Exercise instructions
When you reach the line containing "#35=CARTESIAN_POINT('',(-9.21061883419272,1.,0.));" in the entries below, begin reproducing lines exactly, and stop once the line containing "#84=EDGE_CURVE('E254',#77,#58,#83,.T.);" is done.

Provided records
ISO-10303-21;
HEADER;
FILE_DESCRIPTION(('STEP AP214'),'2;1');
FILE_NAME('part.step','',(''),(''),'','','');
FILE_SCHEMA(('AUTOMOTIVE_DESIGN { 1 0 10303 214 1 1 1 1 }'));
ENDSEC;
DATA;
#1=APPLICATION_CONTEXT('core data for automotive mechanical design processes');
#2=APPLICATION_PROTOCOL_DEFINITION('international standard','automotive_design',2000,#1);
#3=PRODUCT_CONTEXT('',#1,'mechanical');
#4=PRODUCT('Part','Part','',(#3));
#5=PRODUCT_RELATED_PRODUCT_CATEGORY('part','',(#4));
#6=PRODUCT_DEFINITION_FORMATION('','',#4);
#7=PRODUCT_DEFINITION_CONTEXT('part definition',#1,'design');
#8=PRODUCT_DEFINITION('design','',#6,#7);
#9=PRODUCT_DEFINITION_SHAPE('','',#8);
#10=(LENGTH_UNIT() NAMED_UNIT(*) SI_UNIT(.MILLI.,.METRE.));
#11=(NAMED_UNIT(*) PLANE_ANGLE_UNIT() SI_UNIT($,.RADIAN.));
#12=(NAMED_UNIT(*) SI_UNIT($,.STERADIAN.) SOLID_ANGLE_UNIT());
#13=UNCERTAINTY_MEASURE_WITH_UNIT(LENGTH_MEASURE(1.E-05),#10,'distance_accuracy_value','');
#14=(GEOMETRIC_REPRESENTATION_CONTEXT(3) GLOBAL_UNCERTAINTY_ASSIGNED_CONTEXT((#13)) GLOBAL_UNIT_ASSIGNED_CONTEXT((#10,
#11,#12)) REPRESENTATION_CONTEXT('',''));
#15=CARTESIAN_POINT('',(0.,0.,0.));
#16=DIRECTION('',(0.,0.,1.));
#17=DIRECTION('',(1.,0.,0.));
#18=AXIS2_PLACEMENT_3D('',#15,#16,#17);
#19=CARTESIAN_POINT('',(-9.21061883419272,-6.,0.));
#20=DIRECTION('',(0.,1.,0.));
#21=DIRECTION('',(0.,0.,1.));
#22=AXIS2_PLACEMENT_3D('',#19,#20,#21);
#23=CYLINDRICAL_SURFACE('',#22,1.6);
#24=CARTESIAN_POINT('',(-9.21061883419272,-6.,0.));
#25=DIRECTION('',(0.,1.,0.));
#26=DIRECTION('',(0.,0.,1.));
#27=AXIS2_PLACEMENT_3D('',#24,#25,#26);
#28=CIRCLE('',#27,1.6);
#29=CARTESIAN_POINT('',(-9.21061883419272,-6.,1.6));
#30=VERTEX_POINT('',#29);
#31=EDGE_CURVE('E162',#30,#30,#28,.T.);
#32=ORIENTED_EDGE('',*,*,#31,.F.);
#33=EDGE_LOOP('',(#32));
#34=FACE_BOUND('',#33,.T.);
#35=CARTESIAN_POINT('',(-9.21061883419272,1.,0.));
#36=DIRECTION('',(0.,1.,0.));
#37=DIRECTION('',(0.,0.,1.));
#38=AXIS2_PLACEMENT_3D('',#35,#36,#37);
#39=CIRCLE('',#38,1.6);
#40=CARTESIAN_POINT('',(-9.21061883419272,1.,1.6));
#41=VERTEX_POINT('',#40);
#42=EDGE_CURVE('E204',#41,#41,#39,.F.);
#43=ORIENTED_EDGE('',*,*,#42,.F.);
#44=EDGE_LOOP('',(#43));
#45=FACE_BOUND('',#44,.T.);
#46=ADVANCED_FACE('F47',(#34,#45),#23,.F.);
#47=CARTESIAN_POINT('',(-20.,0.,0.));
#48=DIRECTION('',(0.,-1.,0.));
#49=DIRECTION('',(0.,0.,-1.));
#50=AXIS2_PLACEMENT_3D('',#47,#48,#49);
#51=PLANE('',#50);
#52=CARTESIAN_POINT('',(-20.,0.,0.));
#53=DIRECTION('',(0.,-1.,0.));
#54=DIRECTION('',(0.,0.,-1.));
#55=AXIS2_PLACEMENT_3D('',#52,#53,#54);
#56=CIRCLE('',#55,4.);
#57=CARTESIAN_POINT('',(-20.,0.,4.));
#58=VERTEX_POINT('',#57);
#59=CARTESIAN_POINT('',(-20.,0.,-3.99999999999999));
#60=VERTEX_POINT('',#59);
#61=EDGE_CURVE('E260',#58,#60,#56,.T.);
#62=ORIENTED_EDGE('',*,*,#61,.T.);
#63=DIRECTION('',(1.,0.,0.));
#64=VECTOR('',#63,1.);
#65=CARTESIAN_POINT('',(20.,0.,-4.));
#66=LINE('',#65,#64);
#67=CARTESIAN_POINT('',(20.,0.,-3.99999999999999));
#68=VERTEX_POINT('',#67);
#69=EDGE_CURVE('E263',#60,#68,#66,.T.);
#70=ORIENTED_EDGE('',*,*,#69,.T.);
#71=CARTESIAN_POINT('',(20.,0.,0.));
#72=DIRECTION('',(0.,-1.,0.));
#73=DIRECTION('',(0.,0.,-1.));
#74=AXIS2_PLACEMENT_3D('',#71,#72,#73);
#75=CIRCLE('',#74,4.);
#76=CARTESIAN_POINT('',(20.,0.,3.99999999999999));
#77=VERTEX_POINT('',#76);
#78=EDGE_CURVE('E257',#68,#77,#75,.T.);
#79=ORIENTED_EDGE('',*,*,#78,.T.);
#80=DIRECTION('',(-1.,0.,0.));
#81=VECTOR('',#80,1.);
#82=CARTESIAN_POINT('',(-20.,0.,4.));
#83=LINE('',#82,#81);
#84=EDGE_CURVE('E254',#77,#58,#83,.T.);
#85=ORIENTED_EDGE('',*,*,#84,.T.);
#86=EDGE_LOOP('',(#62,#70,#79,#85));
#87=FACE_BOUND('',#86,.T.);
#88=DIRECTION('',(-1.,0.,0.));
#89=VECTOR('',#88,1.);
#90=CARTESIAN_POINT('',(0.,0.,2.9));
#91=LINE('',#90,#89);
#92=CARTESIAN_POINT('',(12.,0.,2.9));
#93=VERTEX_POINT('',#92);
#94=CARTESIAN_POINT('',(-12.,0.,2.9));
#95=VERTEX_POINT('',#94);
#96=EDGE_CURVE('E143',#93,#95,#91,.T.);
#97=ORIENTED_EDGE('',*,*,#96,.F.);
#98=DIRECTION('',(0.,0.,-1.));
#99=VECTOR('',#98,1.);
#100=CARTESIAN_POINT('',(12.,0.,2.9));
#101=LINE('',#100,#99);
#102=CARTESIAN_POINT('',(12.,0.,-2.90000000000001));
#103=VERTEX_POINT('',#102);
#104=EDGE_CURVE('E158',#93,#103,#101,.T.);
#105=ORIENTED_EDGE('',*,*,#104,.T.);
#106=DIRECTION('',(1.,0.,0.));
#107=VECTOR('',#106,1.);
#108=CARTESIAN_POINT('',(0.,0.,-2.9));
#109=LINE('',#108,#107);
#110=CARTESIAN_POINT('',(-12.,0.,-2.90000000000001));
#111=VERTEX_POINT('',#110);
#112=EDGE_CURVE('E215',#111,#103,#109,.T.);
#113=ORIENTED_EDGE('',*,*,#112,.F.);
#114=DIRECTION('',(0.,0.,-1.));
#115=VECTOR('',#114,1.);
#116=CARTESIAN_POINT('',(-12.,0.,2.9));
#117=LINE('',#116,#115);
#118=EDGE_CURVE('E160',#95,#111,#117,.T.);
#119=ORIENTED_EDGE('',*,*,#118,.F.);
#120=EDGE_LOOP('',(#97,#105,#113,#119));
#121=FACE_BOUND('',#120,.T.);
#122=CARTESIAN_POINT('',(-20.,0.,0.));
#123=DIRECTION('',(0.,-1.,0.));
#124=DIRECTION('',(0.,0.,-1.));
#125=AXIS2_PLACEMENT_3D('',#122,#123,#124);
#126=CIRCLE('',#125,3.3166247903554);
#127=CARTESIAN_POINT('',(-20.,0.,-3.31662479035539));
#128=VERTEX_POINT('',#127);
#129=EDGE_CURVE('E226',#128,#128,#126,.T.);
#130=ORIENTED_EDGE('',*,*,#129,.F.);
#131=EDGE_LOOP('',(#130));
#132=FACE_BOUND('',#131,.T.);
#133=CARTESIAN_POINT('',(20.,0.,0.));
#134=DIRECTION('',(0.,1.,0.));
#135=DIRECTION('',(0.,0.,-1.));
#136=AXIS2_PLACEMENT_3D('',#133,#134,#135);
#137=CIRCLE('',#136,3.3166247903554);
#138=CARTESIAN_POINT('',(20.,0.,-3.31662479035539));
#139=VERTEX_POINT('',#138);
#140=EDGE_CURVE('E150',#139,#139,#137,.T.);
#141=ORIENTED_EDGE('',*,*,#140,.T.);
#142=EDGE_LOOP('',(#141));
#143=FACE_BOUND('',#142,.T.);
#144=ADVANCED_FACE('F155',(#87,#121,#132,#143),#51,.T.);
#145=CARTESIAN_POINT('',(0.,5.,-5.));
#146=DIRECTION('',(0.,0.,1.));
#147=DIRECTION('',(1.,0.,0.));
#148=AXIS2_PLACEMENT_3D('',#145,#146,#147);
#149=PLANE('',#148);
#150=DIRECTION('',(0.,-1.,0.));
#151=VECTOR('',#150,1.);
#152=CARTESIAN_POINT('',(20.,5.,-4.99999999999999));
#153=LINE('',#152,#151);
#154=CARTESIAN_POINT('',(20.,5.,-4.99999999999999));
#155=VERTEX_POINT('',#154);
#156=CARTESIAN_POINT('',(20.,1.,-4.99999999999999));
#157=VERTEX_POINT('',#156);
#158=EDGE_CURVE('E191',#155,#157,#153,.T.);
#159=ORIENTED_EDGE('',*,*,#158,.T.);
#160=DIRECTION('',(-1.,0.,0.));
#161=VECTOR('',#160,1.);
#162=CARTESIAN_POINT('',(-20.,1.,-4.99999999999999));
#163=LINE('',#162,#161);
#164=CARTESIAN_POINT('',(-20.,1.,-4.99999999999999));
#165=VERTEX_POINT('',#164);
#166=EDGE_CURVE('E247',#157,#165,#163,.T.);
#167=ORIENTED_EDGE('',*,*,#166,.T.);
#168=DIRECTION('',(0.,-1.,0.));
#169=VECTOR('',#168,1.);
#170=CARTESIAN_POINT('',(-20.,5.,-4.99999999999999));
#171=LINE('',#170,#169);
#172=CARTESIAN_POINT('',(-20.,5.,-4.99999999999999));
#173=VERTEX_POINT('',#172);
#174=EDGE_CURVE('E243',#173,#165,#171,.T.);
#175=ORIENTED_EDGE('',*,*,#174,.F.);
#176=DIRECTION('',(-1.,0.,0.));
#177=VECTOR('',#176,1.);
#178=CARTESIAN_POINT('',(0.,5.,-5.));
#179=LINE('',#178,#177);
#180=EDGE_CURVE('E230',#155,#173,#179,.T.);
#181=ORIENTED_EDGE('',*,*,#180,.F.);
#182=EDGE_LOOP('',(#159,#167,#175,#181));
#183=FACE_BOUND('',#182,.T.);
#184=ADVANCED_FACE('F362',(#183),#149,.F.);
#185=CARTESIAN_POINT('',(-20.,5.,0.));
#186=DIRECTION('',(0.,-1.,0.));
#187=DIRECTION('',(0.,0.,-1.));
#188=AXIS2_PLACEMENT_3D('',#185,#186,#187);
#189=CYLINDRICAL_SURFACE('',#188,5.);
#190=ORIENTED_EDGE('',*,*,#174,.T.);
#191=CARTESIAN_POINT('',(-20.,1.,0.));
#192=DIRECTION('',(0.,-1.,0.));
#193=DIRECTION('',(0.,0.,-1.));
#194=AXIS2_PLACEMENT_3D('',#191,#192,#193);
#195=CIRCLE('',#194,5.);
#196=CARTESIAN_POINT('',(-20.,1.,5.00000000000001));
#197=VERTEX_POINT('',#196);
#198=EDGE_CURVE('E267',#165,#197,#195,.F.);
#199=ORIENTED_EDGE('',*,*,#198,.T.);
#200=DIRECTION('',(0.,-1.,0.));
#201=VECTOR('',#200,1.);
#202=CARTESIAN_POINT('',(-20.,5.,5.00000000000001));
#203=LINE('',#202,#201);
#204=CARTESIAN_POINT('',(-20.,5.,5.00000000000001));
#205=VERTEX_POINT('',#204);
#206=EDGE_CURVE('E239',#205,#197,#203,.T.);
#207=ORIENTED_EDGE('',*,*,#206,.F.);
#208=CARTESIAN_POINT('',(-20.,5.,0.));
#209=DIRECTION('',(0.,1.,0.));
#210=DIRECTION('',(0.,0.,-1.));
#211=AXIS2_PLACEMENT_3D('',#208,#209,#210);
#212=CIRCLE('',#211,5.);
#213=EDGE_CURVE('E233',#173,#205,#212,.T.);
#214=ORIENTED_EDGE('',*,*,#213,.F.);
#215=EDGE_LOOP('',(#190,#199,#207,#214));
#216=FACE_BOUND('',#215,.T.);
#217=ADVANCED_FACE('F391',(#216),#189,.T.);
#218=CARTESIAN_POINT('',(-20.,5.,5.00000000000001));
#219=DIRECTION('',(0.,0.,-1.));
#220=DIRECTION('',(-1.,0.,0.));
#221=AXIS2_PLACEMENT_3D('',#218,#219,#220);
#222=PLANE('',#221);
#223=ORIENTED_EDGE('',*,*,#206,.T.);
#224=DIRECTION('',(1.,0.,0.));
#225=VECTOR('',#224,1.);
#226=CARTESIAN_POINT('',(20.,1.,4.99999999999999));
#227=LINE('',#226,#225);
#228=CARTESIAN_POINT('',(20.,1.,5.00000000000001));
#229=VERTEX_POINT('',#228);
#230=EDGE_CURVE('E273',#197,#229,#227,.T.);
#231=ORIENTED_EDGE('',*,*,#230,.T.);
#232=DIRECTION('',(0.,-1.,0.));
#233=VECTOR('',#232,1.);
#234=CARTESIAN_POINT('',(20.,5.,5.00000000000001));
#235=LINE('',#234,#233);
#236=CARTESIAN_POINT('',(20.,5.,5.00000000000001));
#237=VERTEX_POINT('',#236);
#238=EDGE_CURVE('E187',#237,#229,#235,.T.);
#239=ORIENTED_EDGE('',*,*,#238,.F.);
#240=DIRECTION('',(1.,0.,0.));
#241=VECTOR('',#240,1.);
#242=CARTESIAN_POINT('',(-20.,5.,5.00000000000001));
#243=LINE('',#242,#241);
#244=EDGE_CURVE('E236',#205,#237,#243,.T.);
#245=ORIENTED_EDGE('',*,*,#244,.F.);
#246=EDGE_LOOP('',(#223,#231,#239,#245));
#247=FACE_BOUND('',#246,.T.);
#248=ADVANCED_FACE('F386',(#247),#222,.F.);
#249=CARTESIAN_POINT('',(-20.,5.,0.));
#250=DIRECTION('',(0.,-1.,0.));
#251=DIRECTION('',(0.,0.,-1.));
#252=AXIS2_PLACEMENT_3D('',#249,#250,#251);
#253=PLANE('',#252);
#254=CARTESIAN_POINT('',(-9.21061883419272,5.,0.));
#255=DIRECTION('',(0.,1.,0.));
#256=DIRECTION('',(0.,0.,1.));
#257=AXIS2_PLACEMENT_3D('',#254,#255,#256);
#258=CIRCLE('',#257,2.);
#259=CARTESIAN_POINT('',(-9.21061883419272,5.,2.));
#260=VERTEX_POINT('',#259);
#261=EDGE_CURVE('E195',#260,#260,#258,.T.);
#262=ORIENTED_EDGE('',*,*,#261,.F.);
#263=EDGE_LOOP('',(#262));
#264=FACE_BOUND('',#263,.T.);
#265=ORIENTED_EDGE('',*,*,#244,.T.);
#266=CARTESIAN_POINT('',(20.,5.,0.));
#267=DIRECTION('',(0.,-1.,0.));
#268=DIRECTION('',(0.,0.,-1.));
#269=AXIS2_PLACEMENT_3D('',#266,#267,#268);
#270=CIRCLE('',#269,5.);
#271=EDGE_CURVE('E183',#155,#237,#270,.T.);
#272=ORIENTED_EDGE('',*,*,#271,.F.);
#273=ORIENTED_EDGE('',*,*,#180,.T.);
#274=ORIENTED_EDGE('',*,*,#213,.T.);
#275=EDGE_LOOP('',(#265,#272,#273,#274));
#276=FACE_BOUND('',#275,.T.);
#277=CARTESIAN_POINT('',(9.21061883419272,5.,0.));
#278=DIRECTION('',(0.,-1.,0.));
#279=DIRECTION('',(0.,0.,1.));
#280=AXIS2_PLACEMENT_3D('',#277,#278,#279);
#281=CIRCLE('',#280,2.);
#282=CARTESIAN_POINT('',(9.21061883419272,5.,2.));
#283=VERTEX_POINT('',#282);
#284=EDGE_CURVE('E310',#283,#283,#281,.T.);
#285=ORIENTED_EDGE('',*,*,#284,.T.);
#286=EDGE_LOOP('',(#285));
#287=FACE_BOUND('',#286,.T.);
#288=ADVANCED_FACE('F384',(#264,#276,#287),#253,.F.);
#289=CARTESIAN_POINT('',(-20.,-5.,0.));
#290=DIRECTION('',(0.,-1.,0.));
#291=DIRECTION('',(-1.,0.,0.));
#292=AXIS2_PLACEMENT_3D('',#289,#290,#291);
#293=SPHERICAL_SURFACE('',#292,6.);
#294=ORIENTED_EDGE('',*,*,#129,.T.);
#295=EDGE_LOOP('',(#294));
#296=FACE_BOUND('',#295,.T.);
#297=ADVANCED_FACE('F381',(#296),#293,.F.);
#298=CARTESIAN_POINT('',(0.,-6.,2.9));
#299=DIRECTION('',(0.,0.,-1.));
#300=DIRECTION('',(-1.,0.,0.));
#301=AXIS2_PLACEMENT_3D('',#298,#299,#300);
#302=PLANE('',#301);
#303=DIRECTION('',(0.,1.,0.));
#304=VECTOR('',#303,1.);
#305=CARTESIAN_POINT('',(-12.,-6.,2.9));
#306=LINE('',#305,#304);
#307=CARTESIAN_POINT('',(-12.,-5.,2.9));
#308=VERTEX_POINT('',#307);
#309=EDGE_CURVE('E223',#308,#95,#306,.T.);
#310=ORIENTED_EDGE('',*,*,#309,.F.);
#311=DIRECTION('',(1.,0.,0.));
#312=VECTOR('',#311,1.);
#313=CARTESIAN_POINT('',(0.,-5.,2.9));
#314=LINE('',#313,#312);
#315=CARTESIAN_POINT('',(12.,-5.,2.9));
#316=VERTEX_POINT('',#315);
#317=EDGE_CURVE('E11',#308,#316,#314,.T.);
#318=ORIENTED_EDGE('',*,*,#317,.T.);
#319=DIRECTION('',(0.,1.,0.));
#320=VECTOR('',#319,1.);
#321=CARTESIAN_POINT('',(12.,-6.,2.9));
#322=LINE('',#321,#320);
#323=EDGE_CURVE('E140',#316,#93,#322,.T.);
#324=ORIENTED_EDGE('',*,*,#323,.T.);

Result
#35=CARTESIAN_POINT('',(-9.21061883419272,1.,0.));
#36=DIRECTION('',(0.,1.,0.));
#37=DIRECTION('',(0.,0.,1.));
#38=AXIS2_PLACEMENT_3D('',#35,#36,#37);
#39=CIRCLE('',#38,1.6);
#40=CARTESIAN_POINT('',(-9.21061883419272,1.,1.6));
#41=VERTEX_POINT('',#40);
#42=EDGE_CURVE('E204',#41,#41,#39,.F.);
#43=ORIENTED_EDGE('',*,*,#42,.F.);
#44=EDGE_LOOP('',(#43));
#45=FACE_BOUND('',#44,.T.);
#46=ADVANCED_FACE('F47',(#34,#45),#23,.F.);
#47=CARTESIAN_POINT('',(-20.,0.,0.));
#48=DIRECTION('',(0.,-1.,0.));
#49=DIRECTION('',(0.,0.,-1.));
#50=AXIS2_PLACEMENT_3D('',#47,#48,#49);
#51=PLANE('',#50);
#52=CARTESIAN_POINT('',(-20.,0.,0.));
#53=DIRECTION('',(0.,-1.,0.));
#54=DIRECTION('',(0.,0.,-1.));
#55=AXIS2_PLACEMENT_3D('',#52,#53,#54);
#56=CIRCLE('',#55,4.);
#57=CARTESIAN_POINT('',(-20.,0.,4.));
#58=VERTEX_POINT('',#57);
#59=CARTESIAN_POINT('',(-20.,0.,-3.99999999999999));
#60=VERTEX_POINT('',#59);
#61=EDGE_CURVE('E260',#58,#60,#56,.T.);
#62=ORIENTED_EDGE('',*,*,#61,.T.);
#63=DIRECTION('',(1.,0.,0.));
#64=VECTOR('',#63,1.);
#65=CARTESIAN_POINT('',(20.,0.,-4.));
#66=LINE('',#65,#64);
#67=CARTESIAN_POINT('',(20.,0.,-3.99999999999999));
#68=VERTEX_POINT('',#67);
#69=EDGE_CURVE('E263',#60,#68,#66,.T.);
#70=ORIENTED_EDGE('',*,*,#69,.T.);
#71=CARTESIAN_POINT('',(20.,0.,0.));
#72=DIRECTION('',(0.,-1.,0.));
#73=DIRECTION('',(0.,0.,-1.));
#74=AXIS2_PLACEMENT_3D('',#71,#72,#73);
#75=CIRCLE('',#74,4.);
#76=CARTESIAN_POINT('',(20.,0.,3.99999999999999));
#77=VERTEX_POINT('',#76);
#78=EDGE_CURVE('E257',#68,#77,#75,.T.);
#79=ORIENTED_EDGE('',*,*,#78,.T.);
#80=DIRECTION('',(-1.,0.,0.));
#81=VECTOR('',#80,1.);
#82=CARTESIAN_POINT('',(-20.,0.,4.));
#83=LINE('',#82,#81);
#84=EDGE_CURVE('E254',#77,#58,#83,.T.);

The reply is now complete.